La question en litige et la norme de contrôle
[8]
Dans la présente affaire, la seule question à trancher est celle de savoir s’il était déraisonnable que la SAI conclue que le sous‑alinéa 2b)(ii) de la définition d’« enfant à charge »
énoncée dans le Règlement exige l’existence d’un soutien financier continu, ininterrompu et substantiel depuis l’âge de 22 ans.
[9]
La norme de contrôle applicable en l’espèce est celle de la décision raisonnable (Shomali c Canada (Citoyenneté et Immigration), 2017 CF 1, au par. 12).
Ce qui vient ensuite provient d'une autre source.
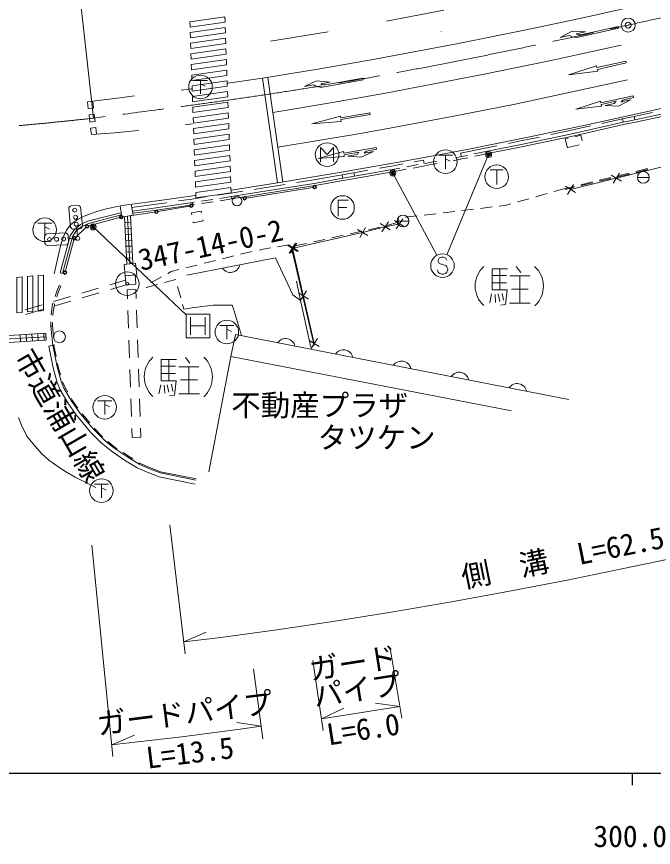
# Model space of a CAD drawing. Units: millimetres, scale not verified. Extents: x 40000 to 680000, y 20000 to 380000.
# Drawn here: x 315810 to 369807, y 198715 to 269150 of the extents above; entities that cross this region are included whole.
import ezdxf
from ezdxf.enums import TextEntityAlignment as Align

# ---------------------------------------------------------------- set-up
doc = ezdxf.new("R2010")
doc.units = ezdxf.units.MM
doc.header["$LTSCALE"] = 1000
doc.header["$PDMODE"] = 32
doc.header["$PDSIZE"] = 500
doc.linetypes.add('CHAIN', pattern=[18.5, 12, -1.5, 3.5, -1.5])
for name, color, linetype, lineweight in [('M-BGD', 7, 'Continuous', 13), ('M-BGD-EXST', 7, 'Continuous', 13), ('M-BMK', 2, 'CHAIN', 13), ('M-BMK-SRVR', 3, 'Continuous', 13), ('M-STR-HTXT', 7, 'Continuous', 13), ('M-STR-STRC', 7, 'Continuous', 13), ('M-TTL-BAND', 7, 'Continuous', 25)]:
    doc.layers.add(name, color=color, linetype=linetype, lineweight=lineweight)
doc.layers.add('M-BMK-HTXT', color=7, linetype='Continuous')
doc.styles.add('ＭＳ ゴシック', font='')
doc.styles.get('ＭＳ ゴシック').set_extended_font_data('MS Gothic')

msp = doc.modelspace()

# ---------------------------------------------------------------- linework, layer by layer
at = {"layer": 'M-BGD'}
for p, q in [((351808, 267903), (351813, 267874)), ((329767, 262927), (330627, 263041)), ((321830, 261931), (324795, 262289)), ((324795, 262289), (325799, 262420)), ((369727, 261025), (368184, 260689)), ((330102, 259965), (330719, 260051)), ((367181, 260493), (365440, 260099)), ((367185, 260494), (367181, 260493)), ((322146, 259150), (324139, 259291)), ((324139, 259291), (326123, 259482)), ((326123, 259482), (326132, 259483)), ((362724, 259485), (361117, 259148)), ((364465, 259878), (362724, 259485)), ((358532, 258607), (357525, 258402)), ((360138, 258943), (358532, 258607)), ((362336, 258776), (362570, 258832)), ((362513, 258037), (362336, 258776)), ((363154, 258971), (363658, 259092)), ((363658, 259092), (363770, 258624)), ((355538, 257998), (353464, 257573)), ((356545, 258203), (355539, 257998)), ((363522, 258279), (362549, 258046)), ((353524, 257279), (353052, 257181)), ((353524, 257279), (353464, 257573)), ((354031, 257383), (353524, 257279)), ((354071, 257187), (353564, 257083)), ((355599, 257704), (354619, 257503)), ((355639, 257508), (354659, 257307)), ((347762, 256512), (346578, 256300)), ((348550, 256659), (347760, 256511)), ((349871, 256601), (348888, 256417)), ((350415, 256499), (349432, 256315)), ((350323, 256991), (349533, 256843)), ((350378, 256696), (350323, 256991)), ((351445, 256887), (350461, 256710)), ((351480, 256690), (350496, 256514)), ((353565, 257083), (352842, 256934)), ((362773, 254502), (370562, 256409)), ((343427, 255745), (341172, 255339)), ((343428, 255745), (343427, 255745)), ((344411, 255913), (344398, 255911)), ((345594, 256125), (344411, 255913)), ((348298, 256307), (347815, 256216)), ((347815, 256216), (347850, 256020)), ((348842, 256205), (347859, 256021)), ((366240, 255715), (367095, 255196)), ((366927, 255883), (366408, 255028)), ((367748, 255886), (366776, 255651)), ((367768, 255804), (366796, 255569)), ((369303, 256262), (368331, 256027)), ((369324, 256179), (368351, 255944)), ((341172, 255339), (339567, 255082)), ((364638, 255135), (363665, 254900)), ((364658, 255053), (363686, 254818)), ((366193, 255511), (365221, 255276)), ((366213, 255428), (365241, 255193)), ((368451, 255516), (369451, 255516)), ((334980, 254349), (333973, 254188)), ((336974, 254667), (335967, 254506)), ((338579, 254924), (336974, 254667)), ((362335, 254579), (361372, 254309)), ((363082, 254760), (362335, 254579)), ((362335, 254579), (362355, 254497)), ((362346, 254761), (363201, 254242)), ((363102, 254677), (362355, 254497)), ((363033, 254929), (362514, 254074)), ((330673, 253684), (329535, 253518)), ((331829, 253860), (330671, 253683)), ((332439, 253650), (331450, 253499)), ((333975, 254188), (332817, 254011)), ((334020, 253892), (333032, 253741)), ((334050, 253694), (333062, 253543)), ((343944, 253594), (343069, 253594)), ((343069, 253594), (343069, 252219)), ((359254, 253715), (358291, 253445)), ((360795, 254147), (359832, 253877)), ((327408, 253208), (325576, 252966)), ((328546, 253374), (327408, 253208)), ((330857, 253408), (330716, 253387)), ((330716, 253387), (330746, 253189)), ((330887, 253211), (330746, 253189)), ((332469, 253452), (331480, 253301)), ((343069, 252969), (343819, 252969)), ((356140, 253015), (355148, 252894)), ((357236, 253148), (356736, 253087)), ((357714, 253282), (357236, 253148)), ((324640, 252526), (324690, 252333)), ((325154, 248163), (324958, 252187)), ((325403, 248189), (325207, 252226)), ((325652, 248216), (325455, 252266)), ((325643, 252672), (325669, 252473)), ((330636, 252509), (331470, 252658)), ((330667, 252332), (330636, 252509)), ((331470, 252658), (331497, 252507)), ((348893, 252161), (348794, 252135)), ((349785, 252260), (348893, 252161)), ((351375, 252435), (350381, 252326)), ((352964, 252628), (351971, 252507)), ((354552, 252821), (353559, 252700)), ((325483, 251700), (324983, 251675)), ((330783, 251680), (330772, 251741)), ((331618, 251828), (330783, 251680)), ((331602, 251917), (331618, 251828)), ((346645, 251606), (347482, 251059)), ((347337, 251751), (346790, 250914)), ((348175, 251735), (347221, 251437)), ((347861, 251861), (348698, 251314)), ((348553, 252006), (348006, 251169)), ((348082, 251816), (349082, 251816)), ((348213, 251986), (348175, 251976)), ((348175, 251976), (348175, 251735)), ((325507, 251200), (325007, 251176)), ((345077, 250948), (344100, 250734)), ((344724, 251095), (345585, 250586)), ((345408, 251271), (344900, 250410)), ((346640, 251289), (345663, 251076)), ((325531, 250701), (325032, 250677)), ((325555, 250201), (325056, 250177)), ((341950, 250265), (340973, 250052)), ((343514, 250607), (342537, 250393)), ((325580, 249702), (325080, 249678)), ((336723, 249433), (336370, 249354)), ((337353, 249535), (336723, 249433)), ((338932, 249790), (337945, 249631)), ((338771, 249772), (339619, 249242)), ((338879, 249793), (339724, 249259)), ((338930, 249083), (339461, 249931)), ((339569, 249948), (339034, 249104)), ((339129, 249559), (341042, 241272)), ((341054, 241437), (339195, 249507)), ((340387, 249924), (339410, 249711)), ((325604, 249203), (325105, 249178)), ((325628, 248703), (325129, 248679)), ((334225, 248867), (333255, 248623)), ((335784, 249224), (334808, 249006)), ((331121, 248087), (330151, 247843)), ((332673, 248477), (331703, 248233)), ((358181, 247950), (358558, 247458)), ((325021, 247176), (325858, 247256)), ((325858, 247256), (325932, 246478)), ((328908, 247531), (328628, 247380)), ((329569, 247697), (328908, 247531)), ((357435, 247770), (356124, 247770)), ((356124, 247770), (356124, 245975)), ((356780, 247770), (356780, 245975)), ((325057, 246807), (323726, 246414)), ((325096, 246398), (325021, 247176)), ((328100, 247095), (327219, 246621)), ((328343, 246601), (329299, 246863)), ((329299, 246863), (329301, 246854)), ((339549, 246729), (339887, 245084)), ((356124, 247196), (357353, 247196)), ((356124, 246589), (357345, 246589)), ((357640, 247163), (359321, 247163)), ((358468, 247163), (358468, 244852)), ((319222, 245885), (319077, 245425)), ((319362, 245833), (319215, 245365)), ((319428, 246360), (319222, 245885)), ((319566, 246300), (319362, 245833)), ((319566, 246300), (319428, 246360)), ((322767, 246131), (321329, 245706)), ((325096, 246401), (323766, 246008)), ((325932, 246478), (325096, 246398)), ((325177, 245989), (325926, 246006)), ((325203, 245227), (325177, 245989)), ((325952, 245253), (325926, 246014)), ((326806, 246181), (327764, 246443)), ((326810, 246185), (326806, 246181)), ((329460, 246275), (329725, 245311)), ((339859, 245048), (340390, 245896)), ((356124, 245975), (357394, 245975)), ((357394, 245975), (357255, 244753)), ((357763, 246049), (359198, 246049)), ((320370, 245423), (318931, 244998)), ((322807, 245725), (321368, 245300)), ((339701, 245737), (340548, 245207)), ((356091, 245639), (355935, 244876)), ((356378, 245598), (356427, 244917)), ((356640, 245639), (356772, 244991)), ((356993, 245680), (357108, 245098)), ((317972, 244715), (316534, 244290)), ((318866, 244757), (318758, 244126)), ((318896, 244853), (318866, 244757)), ((319012, 244722), (318907, 244108)), ((320409, 245017), (318971, 244592)), ((319035, 244793), (319012, 244722)), ((329884, 244732), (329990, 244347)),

La Cour suprême du Canada a récemment réitéré que l’interprétation donnée par un tribunal spécialisé à sa loi constitutive (aux termes de laquelle il est appelé à rendre justice) est susceptible de révision selon la norme de la décision raisonnable (Canada (Commission canadienne des droits de la personne) c Canada (Procureur général), 2018 CSC 31 [CCDP]). Voici ce que la Cour suprême explique au paragraphe 55 de cet arrêt :
[55] Lorsqu’une cour de révision examine une décision selon la norme de la décision raisonnable, elle doit principalement s’intéresser à « la justification de la décision, à la transparence et à l’intelligibilité du processus décisionnel », de même qu’à « l’appartenance de la décision aux issues possibles acceptables pouvant se justifier au regard des faits et du droit » (Dunsmuir, par. 47; Newfoundland and Labrador Nurses’ Union c. Terre‑Neuve‑et‑Labrador (Conseil du Trésor), 2011 CSC 62, [2011] 3 R.C.S. 708, par. 14). Lorsqu’elle est appliquée à l’interprétation législative, la norme de la décision raisonnable reconnaît que le décideur, titulaire de pouvoirs délégués, est le mieux placé pour comprendre les considérations de politique générale et le contexte qu’il faut connaître pour résoudre toute ambiguïté dans le texte de loi (McLean, par. 33). Les cours de révision doivent par ailleurs éviter de soupeser et d’apprécier à nouveau la preuve prise en compte par le décideur (Khosa, par. 64). Fondamentalement, la norme de la raisonnabilité reconnaît qu’il peut légitimement y avoir de multiples issues possibles, même lorsque celles‑ci ne correspondent pas à la solution optimale que la cour de révision aurait elle‑même retenue.
III.
Analyse
[10]
La présente affaire fait intervenir la définition d’« enfant à charge »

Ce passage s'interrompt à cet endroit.